**** DATA TO EXAMINE ****

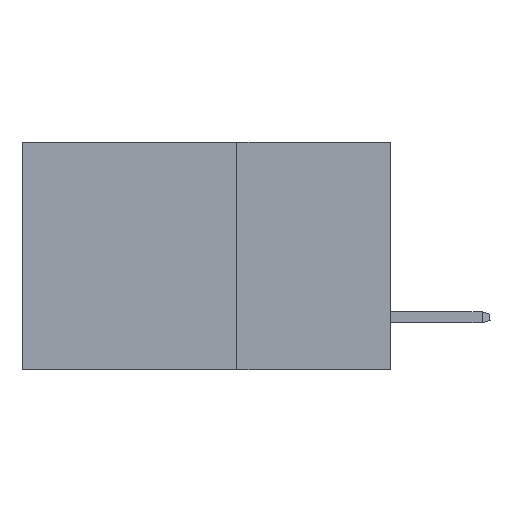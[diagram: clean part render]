
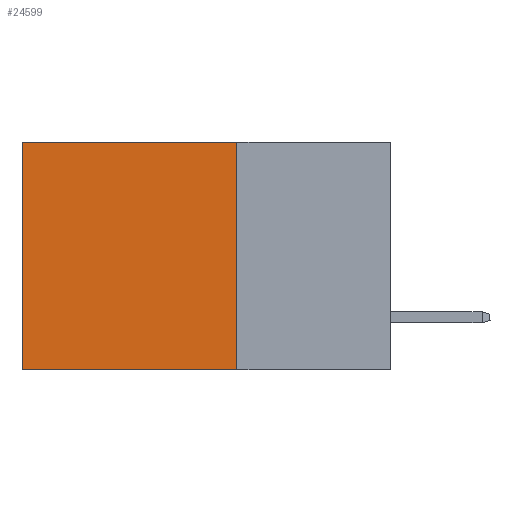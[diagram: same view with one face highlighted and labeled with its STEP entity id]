
A CAD part, left-side view. The second image highlights one B-rep face of the part: STEP entity #24599.
In plain terms, the highlighted planar face has unit normal (-1, 0, 0).
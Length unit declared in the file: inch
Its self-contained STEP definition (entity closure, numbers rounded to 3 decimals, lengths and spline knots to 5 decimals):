
#1517 = VECTOR ( 'NONE', #30898, 39.37008 ) ;
#2901 = EDGE_CURVE ( 'NONE', #5953, #13419, #31003, .T. ) ;
#5572 = DIRECTION ( 'NONE',  ( 0., 0., -1. ) ) ;
#5719 = LINE ( 'NONE', #21184, #23094 ) ;
#5741 = VERTEX_POINT ( 'NONE', #25518 ) ;
#5791 = DIRECTION ( 'NONE',  ( 1., 0., 0. ) ) ;
#5953 = VERTEX_POINT ( 'NONE', #29620 ) ;
#6327 = EDGE_CURVE ( 'NONE', #23326, #5741, #29648, .T. ) ;
#7526 = FACE_OUTER_BOUND ( 'NONE', #21788, .T. ) ;
#7843 = ORIENTED_EDGE ( 'NONE', *, *, #20917, .T. ) ;
#10322 = ORIENTED_EDGE ( 'NONE', *, *, #6327, .F. ) ;
#10700 = DIRECTION ( 'NONE',  ( 0., 1., 0. ) ) ;
#11495 = CARTESIAN_POINT ( 'NONE',  ( 0.2875, 0.6, -0.37 ) ) ;
#12559 = VECTOR ( 'NONE', #5572, 39.37008 ) ;
#13419 = VERTEX_POINT ( 'NONE', #11495 ) ;
#15087 = EDGE_CURVE ( 'NONE', #5741, #13419, #17816, .T. ) ;
#17330 = ORIENTED_EDGE ( 'NONE', *, *, #15087, .F. ) ;
#17816 = LINE ( 'NONE', #30737, #1517 ) ;
#18018 = PLANE ( 'NONE',  #23344 ) ;
#20169 = CARTESIAN_POINT ( 'NONE',  ( 0.2875, 0.6, 0. ) ) ;
#20758 = DIRECTION ( 'NONE',  ( 0., 0., -1. ) ) ;
#20917 = EDGE_CURVE ( 'NONE', #23326, #5953, #5719, .T. ) ;
#21184 = CARTESIAN_POINT ( 'NONE',  ( 0.2875, 0.25, 0. ) ) ;
#21788 = EDGE_LOOP ( 'NONE', ( #28832, #17330, #10322, #7843 ) ) ;
#22854 = VECTOR ( 'NONE', #33420, 39.37008 ) ;
#23094 = VECTOR ( 'NONE', #10700, 39.37008 ) ;
#23326 = VERTEX_POINT ( 'NONE', #25765 ) ;
#23344 = AXIS2_PLACEMENT_3D ( 'NONE', #29351, #5791, #20758 ) ;
#24599 = ADVANCED_FACE ( 'NONE', ( #7526 ), #18018, .F. ) ;
#24658 = CARTESIAN_POINT ( 'NONE',  ( 0.2875, 0.25, 0. ) ) ;
#25518 = CARTESIAN_POINT ( 'NONE',  ( 0.2875, 0.25, -0.37 ) ) ;
#25765 = CARTESIAN_POINT ( 'NONE',  ( 0.2875, 0.25, 0. ) ) ;
#28832 = ORIENTED_EDGE ( 'NONE', *, *, #2901, .T. ) ;
#29351 = CARTESIAN_POINT ( 'NONE',  ( 0.2875, 0.25, 0. ) ) ;
#29620 = CARTESIAN_POINT ( 'NONE',  ( 0.2875, 0.6, 0. ) ) ;
#29648 = LINE ( 'NONE', #24658, #12559 ) ;
#30737 = CARTESIAN_POINT ( 'NONE',  ( 0.2875, 0.25, -0.37 ) ) ;
#30898 = DIRECTION ( 'NONE',  ( 0., 1., 0. ) ) ;
#31003 = LINE ( 'NONE', #20169, #22854 ) ;
#33420 = DIRECTION ( 'NONE',  ( 0., 0., -1. ) ) ;

****

The answer is the line holding "#30898 = DIRECTION" and all the lines after it through the end of the records, repeated exactly.

OUTPUT BELOW
#30898 = DIRECTION ( 'NONE',  ( 0., 1., 0. ) ) ;
#31003 = LINE ( 'NONE', #20169, #22854 ) ;
#33420 = DIRECTION ( 'NONE',  ( 0., 0., -1. ) ) ;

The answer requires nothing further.